En mis tiempos, las cosas de la comida eran mucho más sencillas. Había que comer espinacas porque eso le daba la musculatura a Popeye, zanahoria porque mejoraba la vista, y jugos de fruta porque eran muy sabrosos. Fácil. Simple. A lo mejor, hasta cierto.
Ahora han logrado convertir la comida en una especie de religión. No parece que fuera un asunto de estómago, sino de convicciones espirituales. Hay sectas: microbióticos, macrobióticos, crudívoros, vegetarianos, carnívoros y frutarianos, como hay mormones, Testigos de Jehová, judíos, budistas y católicos. Credos. Tribus. Grupos Hondamente Comprometidos con la Verdad, sea teológica o alimenticia. Existen más posibilidades, por ejemplo, de que se entiendan un mahometano y un judío ortodoxo, que un carnívoro y un vegetariano.
Los antecedentes de este enredo que le unta teología a la comida e infunde en los comensales una devoción digna de prosélitos religiosos provienen del Levítico. El Levítico es un capítulo de la Biblia que pretende enseñar toda clase de preceptos higiénicos: desde el lavado de tripas de la oveja del almuerzo, hasta el significado ético de las manchas de la piel y la relación de la caída del pelo con la pureza de espíritu. Lo malo no es que el Levítico aspire a colarse en la cocina de los lectores, sino que inyecta un aroma de palabra divina a preceptos que no pasan de ser buenos consejos. Algunos, hay que reconocerlo, fueron útiles en otros tiempos, pero han sido superados ya por la refrigeración moderna, el avance de la medicina y hasta los implantes de cabello.
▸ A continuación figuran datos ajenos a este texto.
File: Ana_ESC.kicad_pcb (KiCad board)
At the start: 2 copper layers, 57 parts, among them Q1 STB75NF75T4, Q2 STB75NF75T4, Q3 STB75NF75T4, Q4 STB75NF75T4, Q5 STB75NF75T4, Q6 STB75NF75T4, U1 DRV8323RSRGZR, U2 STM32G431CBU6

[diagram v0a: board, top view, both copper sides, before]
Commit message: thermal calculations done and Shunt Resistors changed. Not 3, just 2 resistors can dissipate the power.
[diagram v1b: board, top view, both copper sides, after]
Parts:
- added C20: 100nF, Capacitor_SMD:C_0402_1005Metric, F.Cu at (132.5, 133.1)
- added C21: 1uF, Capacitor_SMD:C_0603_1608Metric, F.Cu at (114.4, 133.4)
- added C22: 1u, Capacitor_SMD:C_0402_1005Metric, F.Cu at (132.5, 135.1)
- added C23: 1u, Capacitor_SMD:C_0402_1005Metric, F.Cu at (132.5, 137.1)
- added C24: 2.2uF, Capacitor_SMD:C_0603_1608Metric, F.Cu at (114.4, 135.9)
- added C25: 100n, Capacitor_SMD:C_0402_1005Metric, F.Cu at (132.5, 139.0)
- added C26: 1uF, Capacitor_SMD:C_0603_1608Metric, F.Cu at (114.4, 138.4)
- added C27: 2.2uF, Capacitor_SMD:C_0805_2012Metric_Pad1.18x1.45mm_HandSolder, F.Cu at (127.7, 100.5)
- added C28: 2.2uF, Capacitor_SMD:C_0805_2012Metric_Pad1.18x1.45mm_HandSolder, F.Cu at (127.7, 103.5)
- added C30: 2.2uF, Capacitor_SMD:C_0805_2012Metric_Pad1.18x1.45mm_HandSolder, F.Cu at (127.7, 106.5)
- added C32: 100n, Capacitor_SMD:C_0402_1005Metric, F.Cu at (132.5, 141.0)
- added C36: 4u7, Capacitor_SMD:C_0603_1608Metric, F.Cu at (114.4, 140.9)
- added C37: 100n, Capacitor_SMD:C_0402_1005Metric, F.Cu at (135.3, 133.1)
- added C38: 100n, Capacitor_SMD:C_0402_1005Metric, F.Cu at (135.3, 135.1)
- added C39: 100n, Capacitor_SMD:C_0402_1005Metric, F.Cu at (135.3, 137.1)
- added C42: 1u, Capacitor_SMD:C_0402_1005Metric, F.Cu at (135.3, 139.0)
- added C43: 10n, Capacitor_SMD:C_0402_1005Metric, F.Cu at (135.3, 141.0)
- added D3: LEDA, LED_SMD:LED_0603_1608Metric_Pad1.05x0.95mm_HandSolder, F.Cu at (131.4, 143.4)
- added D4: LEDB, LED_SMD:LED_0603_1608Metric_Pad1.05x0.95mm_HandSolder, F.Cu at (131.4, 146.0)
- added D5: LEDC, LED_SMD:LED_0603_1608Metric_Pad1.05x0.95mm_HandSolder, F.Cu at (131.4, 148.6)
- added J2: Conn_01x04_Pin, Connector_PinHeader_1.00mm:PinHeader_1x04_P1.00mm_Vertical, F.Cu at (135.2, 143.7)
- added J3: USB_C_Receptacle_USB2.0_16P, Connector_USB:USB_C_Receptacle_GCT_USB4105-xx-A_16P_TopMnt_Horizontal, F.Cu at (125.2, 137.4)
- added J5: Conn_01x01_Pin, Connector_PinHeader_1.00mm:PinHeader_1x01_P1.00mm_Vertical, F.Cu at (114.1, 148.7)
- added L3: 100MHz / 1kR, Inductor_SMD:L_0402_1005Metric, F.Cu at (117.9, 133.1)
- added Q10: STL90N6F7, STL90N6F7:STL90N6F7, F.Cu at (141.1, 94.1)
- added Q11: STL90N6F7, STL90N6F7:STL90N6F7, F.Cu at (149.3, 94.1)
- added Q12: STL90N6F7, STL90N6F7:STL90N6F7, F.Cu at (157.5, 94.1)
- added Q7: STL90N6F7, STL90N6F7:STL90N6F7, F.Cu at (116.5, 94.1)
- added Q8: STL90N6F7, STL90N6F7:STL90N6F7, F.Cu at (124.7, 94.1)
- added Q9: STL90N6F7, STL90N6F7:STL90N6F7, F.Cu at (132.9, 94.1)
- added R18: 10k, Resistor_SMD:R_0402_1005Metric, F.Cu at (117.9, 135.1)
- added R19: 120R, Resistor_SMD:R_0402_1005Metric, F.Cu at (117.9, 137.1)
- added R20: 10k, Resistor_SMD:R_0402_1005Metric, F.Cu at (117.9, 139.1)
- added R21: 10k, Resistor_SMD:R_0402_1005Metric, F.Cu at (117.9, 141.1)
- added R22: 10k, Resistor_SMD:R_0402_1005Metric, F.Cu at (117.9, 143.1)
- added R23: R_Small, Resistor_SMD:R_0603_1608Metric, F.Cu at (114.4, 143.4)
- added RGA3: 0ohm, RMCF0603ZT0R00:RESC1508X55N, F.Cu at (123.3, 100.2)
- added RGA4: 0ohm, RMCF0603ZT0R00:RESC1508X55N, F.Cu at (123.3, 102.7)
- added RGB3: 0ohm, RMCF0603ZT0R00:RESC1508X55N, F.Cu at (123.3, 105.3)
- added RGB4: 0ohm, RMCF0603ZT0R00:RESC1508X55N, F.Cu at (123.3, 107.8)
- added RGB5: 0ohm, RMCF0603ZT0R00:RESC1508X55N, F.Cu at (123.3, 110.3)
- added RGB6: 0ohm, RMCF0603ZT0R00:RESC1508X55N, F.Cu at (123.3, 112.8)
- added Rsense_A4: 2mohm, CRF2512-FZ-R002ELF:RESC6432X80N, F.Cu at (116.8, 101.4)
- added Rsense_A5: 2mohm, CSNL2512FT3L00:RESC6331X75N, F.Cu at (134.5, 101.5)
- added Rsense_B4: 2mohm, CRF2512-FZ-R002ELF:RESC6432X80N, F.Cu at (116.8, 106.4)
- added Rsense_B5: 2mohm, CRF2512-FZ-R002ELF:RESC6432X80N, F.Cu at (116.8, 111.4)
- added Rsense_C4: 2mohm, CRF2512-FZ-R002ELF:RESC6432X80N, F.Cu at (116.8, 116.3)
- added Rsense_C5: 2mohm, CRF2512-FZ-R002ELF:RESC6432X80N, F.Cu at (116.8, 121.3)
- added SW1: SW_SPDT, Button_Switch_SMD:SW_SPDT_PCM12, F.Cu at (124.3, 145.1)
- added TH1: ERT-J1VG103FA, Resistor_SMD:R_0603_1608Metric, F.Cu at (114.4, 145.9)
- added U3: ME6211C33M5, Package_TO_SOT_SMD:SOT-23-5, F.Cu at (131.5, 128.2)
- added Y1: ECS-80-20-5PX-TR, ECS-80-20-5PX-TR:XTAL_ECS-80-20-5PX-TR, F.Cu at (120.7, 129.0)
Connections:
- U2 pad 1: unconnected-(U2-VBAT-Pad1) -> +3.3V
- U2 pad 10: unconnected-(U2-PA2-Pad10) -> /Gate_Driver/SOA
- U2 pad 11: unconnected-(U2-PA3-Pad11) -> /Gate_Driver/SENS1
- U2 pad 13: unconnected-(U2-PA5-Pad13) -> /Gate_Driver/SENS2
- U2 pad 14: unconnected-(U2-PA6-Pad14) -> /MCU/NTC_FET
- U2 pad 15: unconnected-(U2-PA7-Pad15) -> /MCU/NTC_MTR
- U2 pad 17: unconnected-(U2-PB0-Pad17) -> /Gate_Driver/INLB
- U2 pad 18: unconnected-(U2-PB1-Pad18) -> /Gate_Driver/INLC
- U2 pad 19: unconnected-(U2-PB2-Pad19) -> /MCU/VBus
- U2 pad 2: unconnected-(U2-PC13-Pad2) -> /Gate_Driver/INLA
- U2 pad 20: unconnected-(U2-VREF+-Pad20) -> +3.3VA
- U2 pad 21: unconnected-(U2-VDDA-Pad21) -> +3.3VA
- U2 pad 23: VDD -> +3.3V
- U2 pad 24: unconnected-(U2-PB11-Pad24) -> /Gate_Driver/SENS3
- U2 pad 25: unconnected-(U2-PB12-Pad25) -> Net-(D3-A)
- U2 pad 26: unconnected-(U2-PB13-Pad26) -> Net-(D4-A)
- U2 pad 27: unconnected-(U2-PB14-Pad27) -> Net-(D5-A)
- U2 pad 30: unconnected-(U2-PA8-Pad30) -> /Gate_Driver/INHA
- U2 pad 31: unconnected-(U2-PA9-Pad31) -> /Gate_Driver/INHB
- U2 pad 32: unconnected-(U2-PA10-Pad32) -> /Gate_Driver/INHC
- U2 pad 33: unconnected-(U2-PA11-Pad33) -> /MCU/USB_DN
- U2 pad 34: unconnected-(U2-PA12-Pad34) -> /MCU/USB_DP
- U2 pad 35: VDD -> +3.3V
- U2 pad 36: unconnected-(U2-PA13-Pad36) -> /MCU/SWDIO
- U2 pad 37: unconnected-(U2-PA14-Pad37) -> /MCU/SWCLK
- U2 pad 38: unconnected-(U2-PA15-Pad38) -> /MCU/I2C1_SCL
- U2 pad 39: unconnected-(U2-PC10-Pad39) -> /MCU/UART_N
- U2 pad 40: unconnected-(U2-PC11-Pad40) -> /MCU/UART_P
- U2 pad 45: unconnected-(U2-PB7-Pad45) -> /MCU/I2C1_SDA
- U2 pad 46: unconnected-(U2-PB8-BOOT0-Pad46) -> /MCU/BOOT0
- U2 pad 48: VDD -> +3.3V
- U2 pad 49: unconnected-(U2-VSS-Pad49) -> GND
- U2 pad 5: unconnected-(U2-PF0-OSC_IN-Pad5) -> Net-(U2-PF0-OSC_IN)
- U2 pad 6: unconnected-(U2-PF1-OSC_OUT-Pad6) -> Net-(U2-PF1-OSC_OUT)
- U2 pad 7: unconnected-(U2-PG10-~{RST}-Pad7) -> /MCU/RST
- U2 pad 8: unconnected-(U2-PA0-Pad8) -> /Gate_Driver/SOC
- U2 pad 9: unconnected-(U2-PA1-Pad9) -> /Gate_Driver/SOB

Digo que en el Levítico está la semilla de la nueva gastrorreligión que padecemos ahora. Como corresponde a una secta, esta tiene su propio lenguaje, que mistifica y maquilla de solemnidad al humilde frijol, a la simpática yuca, al compañero plátano. Ya las mamás no le dicen al hijo: “Si no te comes el arroz no puedes ver televisión esta noche”. Sino que se dirigen a él en los siguientes términos:
— Es importante que termines la ingesta macrobiótica, pues de ella depende la fácil eliminación de las heces y la prevención de enfermedades del colon.
Algo parecido sucede con las familias entregadas a la adoración de las legumbres. En mis tiempos, al que no se comía la ensalada mi mamá le quitaba el postre. Ahora las señoras se ponen serias, miran al pobre niño a los ojos y le dicen:
— Es importante que conserves tu dieta crudívora, pues de otra manera alterarás el equilibrio del consumo vitamínico.
Muchas de estas sectas se inspiran en la observación e imitación de los animales. Los tales crudívoros, por ejemplo, afirman que los animales que sólo comen raíces y plantas crudas no sufren de sobrepeso. Y los frutarianos pregonan que es preciso regresar al instinto del primate, nuestro antepasado, que sólo se alimentaba de frutas.
Bueno: si vamos a eso, es decir, a considerar que el hombre debe copiar a los animales, prefiero abstenerme de contarles lo que he visto hacer con el dedo a muchos monos que sólo comen frutas. Pueden estar seguros mis amigos frutarianos de que jamás permitiré que me estrechen la mano a modo de saludo.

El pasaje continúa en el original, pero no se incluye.